TASK DETAILS.
What is needed here is an exact repetition of the records below, beginning at the line that has "Gain : Gain" and stopping after the line that has "Theta Actual : Scope".

>>

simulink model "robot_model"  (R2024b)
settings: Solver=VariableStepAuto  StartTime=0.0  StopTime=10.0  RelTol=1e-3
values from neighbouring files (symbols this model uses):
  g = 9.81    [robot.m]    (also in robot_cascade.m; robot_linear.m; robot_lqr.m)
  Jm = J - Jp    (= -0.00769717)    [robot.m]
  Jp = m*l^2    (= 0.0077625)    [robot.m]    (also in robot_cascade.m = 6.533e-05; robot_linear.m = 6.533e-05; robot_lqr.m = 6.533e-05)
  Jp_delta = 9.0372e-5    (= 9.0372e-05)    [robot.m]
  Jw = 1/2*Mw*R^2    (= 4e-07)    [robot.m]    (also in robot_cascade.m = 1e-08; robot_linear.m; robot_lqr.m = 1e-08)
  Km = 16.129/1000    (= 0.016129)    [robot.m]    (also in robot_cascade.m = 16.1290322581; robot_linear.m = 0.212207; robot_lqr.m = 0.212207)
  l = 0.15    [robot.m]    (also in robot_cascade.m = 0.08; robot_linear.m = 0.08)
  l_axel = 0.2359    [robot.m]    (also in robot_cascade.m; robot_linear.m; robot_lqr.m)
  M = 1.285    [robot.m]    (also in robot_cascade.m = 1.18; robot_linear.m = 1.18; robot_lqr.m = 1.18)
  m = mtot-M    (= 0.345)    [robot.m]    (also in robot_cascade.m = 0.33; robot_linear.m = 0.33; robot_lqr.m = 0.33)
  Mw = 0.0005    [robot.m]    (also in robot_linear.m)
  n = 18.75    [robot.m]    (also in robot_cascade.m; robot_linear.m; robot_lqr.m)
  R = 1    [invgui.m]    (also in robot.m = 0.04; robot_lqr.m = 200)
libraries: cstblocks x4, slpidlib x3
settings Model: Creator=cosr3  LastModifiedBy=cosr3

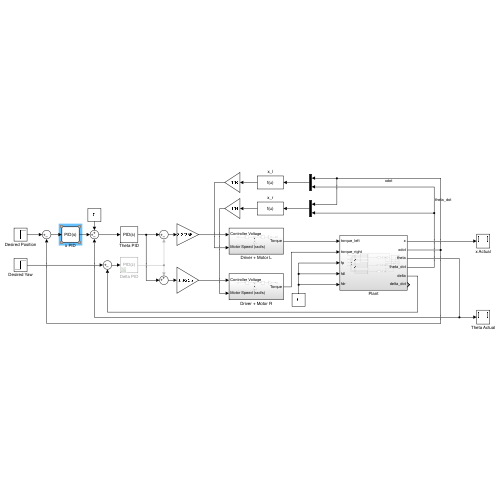
[thumbnail: Simulink's stored preview of the top-level diagram]
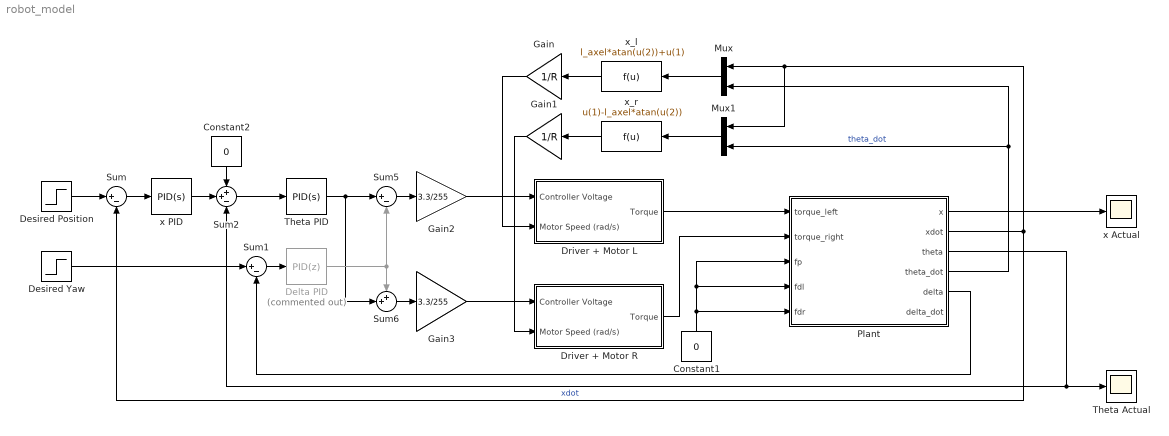
== system robot_model ==
  Constant1 : Constant  Value=0
  Constant2 : Constant  Value=0
  Delta PID : slpidlib/PID Controller  Commented=on  Controller=PID  Form=Parallel  TimeDomain=Discrete-time  UseExternalTs=off  SampleTime=1/550  IntegratorMethod=Forward Euler  FilterMethod=Forward Euler  ControllerParametersSource=internal  P=-0.0147063328753403  I=-0.00136714449093344  UseKiTs=off  D=-0.0214383336905415  UseExternalDerivativeSource=off  N=1448.28246069918  UseFilter=on  TunerSelectOption=Transfer Function Based (PID Tuner App)  InitialConditionSource=internal  InitialConditionForIntegrator=0  InitialConditionForFilter=0  DifferentiatorICPrevScaledInput=0  ExternalReset=none  TrackingMode=off  Kt=1  LimitOutput=off  SatLimitsSource=internal  UpperSaturationLimit=inf  LowerSaturationLimit=-inf  LinearizeAsGain=off  AntiWindupMode=none  Kb=1  LimitIntegrator=off  UpperIntegratorSaturationLimit=inf  LowerIntegratorSaturationLimit=-inf  POutMin=[]  POutMax=[]  IOutMin=[]  IOutMax=[]  DOutMin=[]  DOutMax=[]  NOutMin=[]  NOutMax=[]  SumOutMin=[]  SumOutMax=[]  SaturationOutMin=[]  SaturationOutMax=[]  PParamMin=[]  PParamMax=[]  IParamMin=[]  IParamMax=[]  DParamMin=[]  DParamMax=[]  NParamMin=[]  NParamMax=[]  KbParamMin=[]  KbParamMax=[]  KtParamMin=[]  KtParamMax=[]  KbOutMin=[]  KbOutMax=[]  KtOutMin=[]  KtOutMax=[]  IntegratorOutMin=[]  IntegratorOutMax=[]  FilterOutMin=[]  FilterOutMax=[]  SumI1OutMin=[]  SumI1OutMax=[]  SumI2OutMin=[]  SumI2OutMax=[]  SumI3OutMin=[]  SumI3OutMax=[]  SumI4OutMin=[]  SumI4OutMax=[]  SumDOutMin=[]  SumDOutMax=[]  DifferentiatorOutMin=[]  DifferentiatorOutMax=[]  FilterDiffOutCoefMin=[]  FilterDiffOutCoefMax=[]  ReciprocalOutMin=[]  ReciprocalOutMax=[]  SumDenOutMin=[]  SumDenOutMax=[]  SumNumOutMin=[]  SumNumOutMax=[]  DivideOutMin=[]  DivideOutMax=[]  UdiffTsProdOutMin=[]  UdiffTsProdOutMax=[]  NTsProdOutMin=[]  NTsProdOutMax=[]  UintegralTsProdOutMin=[]  UintegralTsProdOutMax=[]  UngainTsProdOutMin=[]  UngainTsProdOutMax=[]  ClampingZeroOutDataTypeStr=Inherit: Inherit via back propagation  ClampingZeroOutMin=[]  ClampingZeroOutMax=[]  FilterDenConstantOutDataTypeStr=Inherit: Inherit via back propagation  FilterDenConstantOutMin=[]  FilterDenConstantOutMax=[]  PCopyOutDataTypeStr=Inherit: Inherit via back propagation  PCopyOutMin=[]  PCopyOutMax=[]  NCopyOutDataTypeStr=Inherit: Inherit via back propagation  NCopyOutMin=[]  NCopyOutMax=[]  IntegratorContinuousStateAttributes=''  IntegratorStateMustResolveToSignalObject=off  IntegratorRTWStateStorageClass=Auto  FilterContinuousStateAttributes=''  FilterStateMustResolveToSignalObject=off  FilterRTWStateStorageClass=Auto  ParallelPVariant=InternalParameters  IdealPVariant=Disabled  IVariant=InternalParameters  DVariant=InternalParameters  IntegratorVariant=Discrete  SatVariant=Disabled  AWVariant=Passthrough  PCopyVariant=Disabled  TRVariant=Disabled  FdbkBlocksVariant=Forward  IdealPFdbkVariant=Disabled  SatFdbkVariant=Disabled  DerivativeFilterVariant=ForwardEulerFilter  NVariant=InternalParameters  NCopyVariant=Disabled  FilterICVariant=InternalICsFilter  IntegratorICVariant=InternalICs  ExternalResetVariant=Disabled  TRSumVariant=Passthrough  SumFdbkVariant=Disabled  SumVariant=Sum_PID  TsampFilterVariant=InternalTs  TsampNgainVariant=Passthrough  TsampIntegralVariant=Disabled_SignalSpec  ExternalSaturationOutDataTypeStr=Inherit: Same as second input  DerivativeSourceVariant=ErrorSignal  PreIntVariant=InternalPreInt
      settings: LibrarySourceBlock=simulink/Discrete/Discrete PID Controller
  Desired Position : Step  SampleTime=0
  Desired Yaw : Step  SampleTime=0
  Driver + Motor L : Subsystem
  Driver + Motor R : Subsystem
  Gain : Gain  Gain=1/R
  Gain1 : Gain  Gain=1/R
  Gain2 : Gain  Gain=3.3/255
  Gain3 : Gain  Gain=3.3/255
  Mux : Mux  Inputs=2
  Mux1 : Mux  Inputs=2
  Plant : Subsystem
  Sum : Sum  Inputs=|+-
  Sum1 : Sum  Inputs=|+-
  Sum2 : Sum  Inputs=++-
  Sum5 : Sum  Inputs=|+-
  Sum6 : Sum  Inputs=++|
  Theta Actual : Scope
  Theta PID : slpidlib/PID Controller  Controller=PID  Form=Ideal  TimeDomain=Continuous-time  UseExternalTs=off  SampleTime=-1  IntegratorMethod=Forward Euler  FilterMethod=Forward Euler  ControllerParametersSource=internal  P=5792.95362494013  I=5.30299616336918  UseKiTs=on  D=0.0216080818218296  UseExternalDerivativeSource=off  N=24990.0250158816  UseFilter=on  TunerSelectOption=Transfer Function Based (PID Tuner App)  InitialConditionSource=internal  InitialConditionForIntegrator=0  InitialConditionForFilter=0  DifferentiatorICPrevScaledInput=0  ExternalReset=none  TrackingMode=off  Kt=1  LimitOutput=off  SatLimitsSource=internal  UpperSaturationLimit=inf  LowerSaturationLimit=-inf  LinearizeAsGain=off  AntiWindupMode=none  Kb=1  LimitIntegrator=off  UpperIntegratorSaturationLimit=inf  LowerIntegratorSaturationLimit=-inf  POutMin=[]  POutMax=[]  IOutMin=[]  IOutMax=[]  DOutMin=[]  DOutMax=[]  NOutMin=[]  NOutMax=[]  SumOutMin=[]  SumOutMax=[]  SaturationOutMin=[]  SaturationOutMax=[]  PParamMin=[]  PParamMax=[]  IParamMin=[]  IParamMax=[]  DParamMin=[]  DParamMax=[]  NParamMin=[]  NParamMax=[]  KbParamMin=[]  KbParamMax=[]  KtParamMin=[]  KtParamMax=[]  KbOutMin=[]  KbOutMax=[]  KtOutMin=[]  KtOutMax=[]  IntegratorOutMin=[]  IntegratorOutMax=[]  FilterOutMin=[]  FilterOutMax=[]  SumI1OutMin=[]  SumI1OutMax=[]  SumI2OutMin=[]  SumI2OutMax=[]  SumI3OutMin=[]  SumI3OutMax=[]  SumI4OutMin=[]  SumI4OutMax=[]  SumDOutMin=[]  SumDOutMax=[]  DifferentiatorOutMin=[]  DifferentiatorOutMax=[]  FilterDiffOutCoefMin=[]  FilterDiffOutCoefMax=[]  ReciprocalOutMin=[]  ReciprocalOutMax=[]  SumDenOutMin=[]  SumDenOutMax=[]  SumNumOutMin=[]  SumNumOutMax=[]  DivideOutMin=[]  DivideOutMax=[]  UdiffTsProdOutMin=[]  UdiffTsProdOutMax=[]  NTsProdOutMin=[]  NTsProdOutMax=[]  UintegralTsProdOutMin=[]  UintegralTsProdOutMax=[]  UngainTsProdOutMin=[]  UngainTsProdOutMax=[]  ClampingZeroOutDataTypeStr=Inherit: Inherit via back propagation  ClampingZeroOutMin=[]  ClampingZeroOutMax=[]  FilterDenConstantOutDataTypeStr=Inherit: Inherit via back propagation  FilterDenConstantOutMin=[]  FilterDenConstantOutMax=[]  PCopyOutDataTypeStr=Inherit: Inherit via back propagation  PCopyOutMin=[]  PCopyOutMax=[]  NCopyOutDataTypeStr=Inherit: Inherit via back propagation  NCopyOutMin=[]  NCopyOutMax=[]  IntegratorContinuousStateAttributes=''  IntegratorStateMustResolveToSignalObject=off  IntegratorRTWStateStorageClass=Auto  FilterContinuousStateAttributes=''  FilterStateMustResolveToSignalObject=off  FilterRTWStateStorageClass=Auto  ParallelPVariant=Passthrough  IdealPVariant=InternalParameters  IVariant=InternalParameters  DVariant=InternalParameters  IntegratorVariant=Continuous  SatVariant=Disabled  AWVariant=Passthrough  PCopyVariant=Disabled  TRVariant=Disabled  FdbkBlocksVariant=Forward  IdealPFdbkVariant=Disabled  SatFdbkVariant=Disabled  DerivativeFilterVariant=ContFilter  NVariant=InternalParameters  NCopyVariant=Disabled  FilterICVariant=InternalICsFilter  IntegratorICVariant=InternalICs  ExternalResetVariant=Disabled  TRSumVariant=Passthrough  SumFdbkVariant=Disabled  SumVariant=Sum_PID  TsampFilterVariant=InternalTs  TsampNgainVariant=Passthrough  TsampIntegralVariant=Disabled_SignalSpec  ExternalSaturationOutDataTypeStr=Inherit: Same as second input  DerivativeSourceVariant=ErrorSignal  PreIntVariant=InternalPreInt
      settings: LibrarySourceBlock=simulink/Discrete/Discrete PID Controller
  x Actual : Scope
  x PID : slpidlib/PID Controller  Controller=PID  Form=Parallel  TimeDomain=Continuous-time  UseExternalTs=off  SampleTime=-1  IntegratorMethod=Forward Euler  FilterMethod=Forward Euler  ControllerParametersSource=internal  P=-0.0628292562730309  I=-0.000431329975665461  UseKiTs=on  D=-2.03345781963945  UseExternalDerivativeSource=off  N=134.483020197825  UseFilter=on  TunerSelectOption=Transfer Function Based (PID Tuner App)  InitialConditionSource=internal  InitialConditionForIntegrator=0  InitialConditionForFilter=0  DifferentiatorICPrevScaledInput=0  ExternalReset=none  TrackingMode=off  Kt=1  LimitOutput=off  SatLimitsSource=internal  UpperSaturationLimit=inf  LowerSaturationLimit=-inf  LinearizeAsGain=off  AntiWindupMode=none  Kb=1  LimitIntegrator=off  UpperIntegratorSaturationLimit=inf  LowerIntegratorSaturationLimit=-inf  POutMin=[]  POutMax=[]  IOutMin=[]  IOutMax=[]  DOutMin=[]  DOutMax=[]  NOutMin=[]  NOutMax=[]  SumOutMin=[]  SumOutMax=[]  SaturationOutMin=[]  SaturationOutMax=[]  PParamMin=[]  PParamMax=[]  IParamMin=[]  IParamMax=[]  DParamMin=[]  DParamMax=[]  NParamMin=[]  NParamMax=[]  KbParamMin=[]  KbParamMax=[]  KtParamMin=[]  KtParamMax=[]  KbOutMin=[]  KbOutMax=[]  KtOutMin=[]  KtOutMax=[]  IntegratorOutMin=[]  IntegratorOutMax=[]  FilterOutMin=[]  FilterOutMax=[]  SumI1OutMin=[]  SumI1OutMax=[]  SumI2OutMin=[]  SumI2OutMax=[]  SumI3OutMin=[]  SumI3OutMax=[]  SumI4OutMin=[]  SumI4OutMax=[]  SumDOutMin=[]  SumDOutMax=[]  DifferentiatorOutMin=[]  DifferentiatorOutMax=[]  FilterDiffOutCoefMin=[]  FilterDiffOutCoefMax=[]  ReciprocalOutMin=[]  ReciprocalOutMax=[]  SumDenOutMin=[]  SumDenOutMax=[]  SumNumOutMin=[]  SumNumOutMax=[]  DivideOutMin=[]  DivideOutMax=[]  UdiffTsProdOutMin=[]  UdiffTsProdOutMax=[]  NTsProdOutMin=[]  NTsProdOutMax=[]  UintegralTsProdOutMin=[]  UintegralTsProdOutMax=[]  UngainTsProdOutMin=[]  UngainTsProdOutMax=[]  ClampingZeroOutDataTypeStr=Inherit: Inherit via back propagation  ClampingZeroOutMin=[]  ClampingZeroOutMax=[]  FilterDenConstantOutDataTypeStr=Inherit: Inherit via back propagation  FilterDenConstantOutMin=[]  FilterDenConstantOutMax=[]  PCopyOutDataTypeStr=Inherit: Inherit via back propagation  PCopyOutMin=[]  PCopyOutMax=[]  NCopyOutDataTypeStr=Inherit: Inherit via back propagation  NCopyOutMin=[]  NCopyOutMax=[]  IntegratorContinuousStateAttributes=''  IntegratorStateMustResolveToSignalObject=off  IntegratorRTWStateStorageClass=Auto  FilterContinuousStateAttributes=''  FilterStateMustResolveToSignalObject=off  FilterRTWStateStorageClass=Auto  ParallelPVariant=InternalParameters  IdealPVariant=Disabled  IVariant=InternalParameters  DVariant=InternalParameters  IntegratorVariant=Continuous  SatVariant=Disabled  AWVariant=Passthrough  PCopyVariant=Disabled  TRVariant=Disabled  FdbkBlocksVariant=Forward  IdealPFdbkVariant=Disabled  SatFdbkVariant=Disabled  DerivativeFilterVariant=ContFilter  NVariant=InternalParameters  NCopyVariant=Disabled  FilterICVariant=InternalICsFilter  IntegratorICVariant=InternalICs  ExternalResetVariant=Disabled  TRSumVariant=Passthrough  SumFdbkVariant=Disabled  SumVariant=Sum_PID  TsampFilterVariant=InternalTs  TsampNgainVariant=Passthrough  TsampIntegralVariant=Disabled_SignalSpec  ExternalSaturationOutDataTypeStr=Inherit: Same as second input  DerivativeSourceVariant=ErrorSignal  PreIntVariant=InternalPreInt
      settings: LibrarySourceBlock=simulink/Discrete/Discrete PID Controller
  x_l : Fcn  Expr=l_axel*atan(u(2))+u(1)
  x_r : Fcn  Expr=u(1)-l_axel*atan(u(2))
  wires:
  Desired Position/1 -> Sum/1
  Sum/1 -> x PID/1
  Plant/2(xdot) -> Mux1/1, Mux/1, Sum/2  "xdot"
  Desired Yaw/1 -> Sum1/1
  Sum1/1 -> Delta PID/1
  Sum2/1 -> Theta PID/1
  Plant/3(theta) -> Theta Actual/1, Sum2/3
  Plant/1(x) -> x Actual/1
  Driver + Motor L/1(Torque) -> Plant/1(torque_left)
  Driver + Motor R/1(Torque) -> Plant/2(torque_right)
  Mux/1 -> x_l/1
  Mux1/1 -> x_r/1
  Plant/4(theta_dot) -> Mux/2, Mux1/2  "theta_dot"
  x_l/1 -> Gain/1
  x_r/1 -> Gain1/1
  Gain/1 -> Driver + Motor L/2(Motor Speed (rad/s))
  Gain1/1 -> Driver + Motor R/2(Motor Speed (rad/s))
  Theta PID/1 -> Sum5/1, Sum6/2
  Plant/5(delta) -> Sum1/2
  Constant1/1 -> Plant/4(fdl), Plant/3(fp), Plant/5(fdr)
  Gain2/1 -> Driver + Motor L/1(Controller Voltage)
  Gain3/1 -> Driver + Motor R/1(Controller Voltage)
  Constant2/1 -> Sum2/1
  Sum5/1 -> Gain2/1
  x PID/1 -> Sum2/2
  Delta PID/1 -> Sum5/2, Sum6/1
  Sum6/1 -> Gain3/1

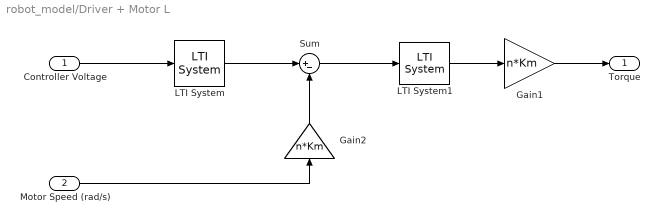
== system robot_model/Driver + Motor L ==
  Controller Voltage : Inport
  Motor Speed (rad/s) : Inport  Port=2
  Gain1 : Gain  Gain=n*Km
  Gain2 : Gain  Gain=n*Km
  LTI System : cstblocks/LTI System  sys=Ga  IC=[]  PadeOrder=0
  LTI System1 : cstblocks/LTI System  sys=Ye  IC=[]  PadeOrder=0
  Sum : Sum  Inputs=|+-
  Torque : Outport
  wires:
  Controller Voltage/1 -> LTI System/1
  LTI System1/1 -> Gain1/1
  Gain1/1 -> Torque/1
  LTI System/1 -> Sum/1
  Sum/1 -> LTI System1/1
  Gain2/1 -> Sum/2
  Motor Speed (rad/s)/1 -> Gain2/1

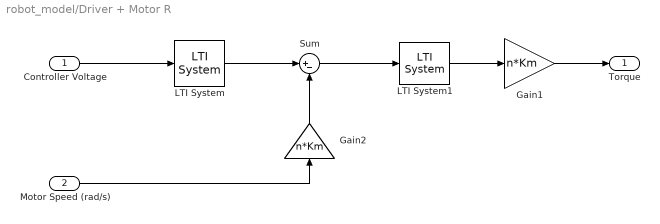
== system robot_model/Driver + Motor R ==
  Controller Voltage : Inport
  Motor Speed (rad/s) : Inport  Port=2
  Gain1 : Gain  Gain=n*Km
  Gain2 : Gain  Gain=n*Km
  LTI System : cstblocks/LTI System  sys=Ga  IC=[]  PadeOrder=0
  LTI System1 : cstblocks/LTI System  sys=Ye  IC=[]  PadeOrder=0
  Sum : Sum  Inputs=|+-
  Torque : Outport
  wires:
  Controller Voltage/1 -> LTI System/1
  LTI System1/1 -> Gain1/1
  Gain1/1 -> Torque/1
  LTI System/1 -> Sum/1
  Sum/1 -> LTI System1/1
  Gain2/1 -> Sum/2
  Motor Speed (rad/s)/1 -> Gain2/1

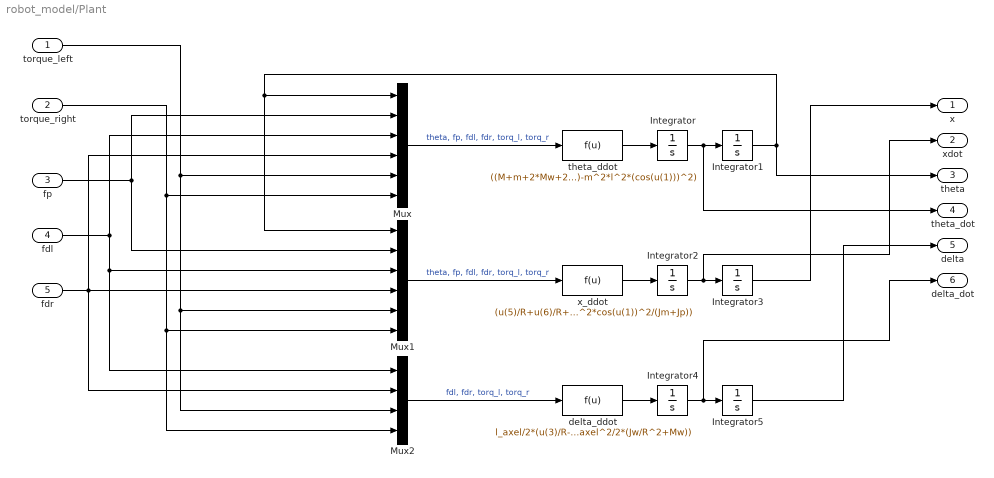
== system robot_model/Plant ==
  torque_left : Inport
  torque_right : Inport  Port=2
  fp : Inport  Port=3
  fdl : Inport  Port=4
  fdr : Inport  Port=5
  Integrator : Integrator  ContinuousStateAttributes='theta_dot'
  Integrator1 : Integrator  ContinuousStateAttributes='theta'
  Integrator{2..5} (4 alike) : Integrator
  Mux : Mux  Inputs=6
  Mux1 : Mux  Inputs=6
  Mux2 : Mux
  delta_ddot : Fcn  Expr=l_axel/2*(u(3)/R-u(2)/R+u(1)-u(2))/(Jp_delta+l_axel^2/2*(Jw/R^2+Mw))
  theta_ddot : Fcn  Expr=((M+m+2*Mw+2*Jw/R^2)*(m*g*l*sin(u(1))+u(2)*l*cos(u(1)))-m*l*cos(u(1))*(u(5)/R+u(6)/R+u(2)+u(3)+u(4)))/((Jm+Jp)*(M+m+2*Mw+2*Jw/R^2)-m^2*l^2*(cos(u(1)))^2)
  x_ddot : Fcn  Expr=(u(5)/R+u(6)/R+u(2)+u(3)+u(4)-(m*l*cos(u(1))*(m*g*l*sin(u(1))-u(2)*l*cos(u(1))))/Jm+Jp)/(M+m+2*Mw+2*Jw/R^2-m^2*l^2*cos(u(1))^2/(Jm+Jp))
  x : Outport
  xdot : Outport  Port=2
  theta : Outport  Port=3
  theta_dot : Outport  Port=4
  delta : Outport  Port=5
  delta_dot : Outport  Port=6
  wires:
  theta_ddot/1 -> Integrator/1
  Integrator/1 -> theta_dot/1, Integrator1/1
  Mux/1 -> theta_ddot/1  "theta, fp, fdl, fdr, torq_l, torq_r"
  torque_right/1 -> Mux2/4, Mux1/6, Mux/6
  fp/1 -> Mux/2, Mux1/2
  fdl/1 -> Mux/3, Mux2/1, Mux1/3
  Integrator1/1 -> theta/1, Mux/1, Mux1/1
  torque_left/1 -> Mux2/3, Mux1/5, Mux/5
  Integrator5/1 -> delta/1
  Integrator4/1 -> delta_dot/1, Integrator5/1
  Integrator2/1 -> xdot/1, Integrator3/1
  Integrator3/1 -> x/1
  Mux2/1 -> delta_ddot/1  "fdl, fdr, torq_l, torq_r"
  delta_ddot/1 -> Integrator4/1
  fdr/1 -> Mux2/2, Mux1/4, Mux/4
  x_ddot/1 -> Integrator2/1
  Mux1/1 -> x_ddot/1  "theta, fp, fdl, fdr, torq_l, torq_r"

<<

OUTPUT OF THE EXERCISE.
  Gain : Gain  Gain=1/R
  Gain1 : Gain  Gain=1/R
  Gain2 : Gain  Gain=3.3/255
  Gain3 : Gain  Gain=3.3/255
  Mux : Mux  Inputs=2
  Mux1 : Mux  Inputs=2
  Plant : Subsystem
  Sum : Sum  Inputs=|+-
  Sum1 : Sum  Inputs=|+-
  Sum2 : Sum  Inputs=++-
  Sum5 : Sum  Inputs=|+-
  Sum6 : Sum  Inputs=++|
  Theta Actual : Scope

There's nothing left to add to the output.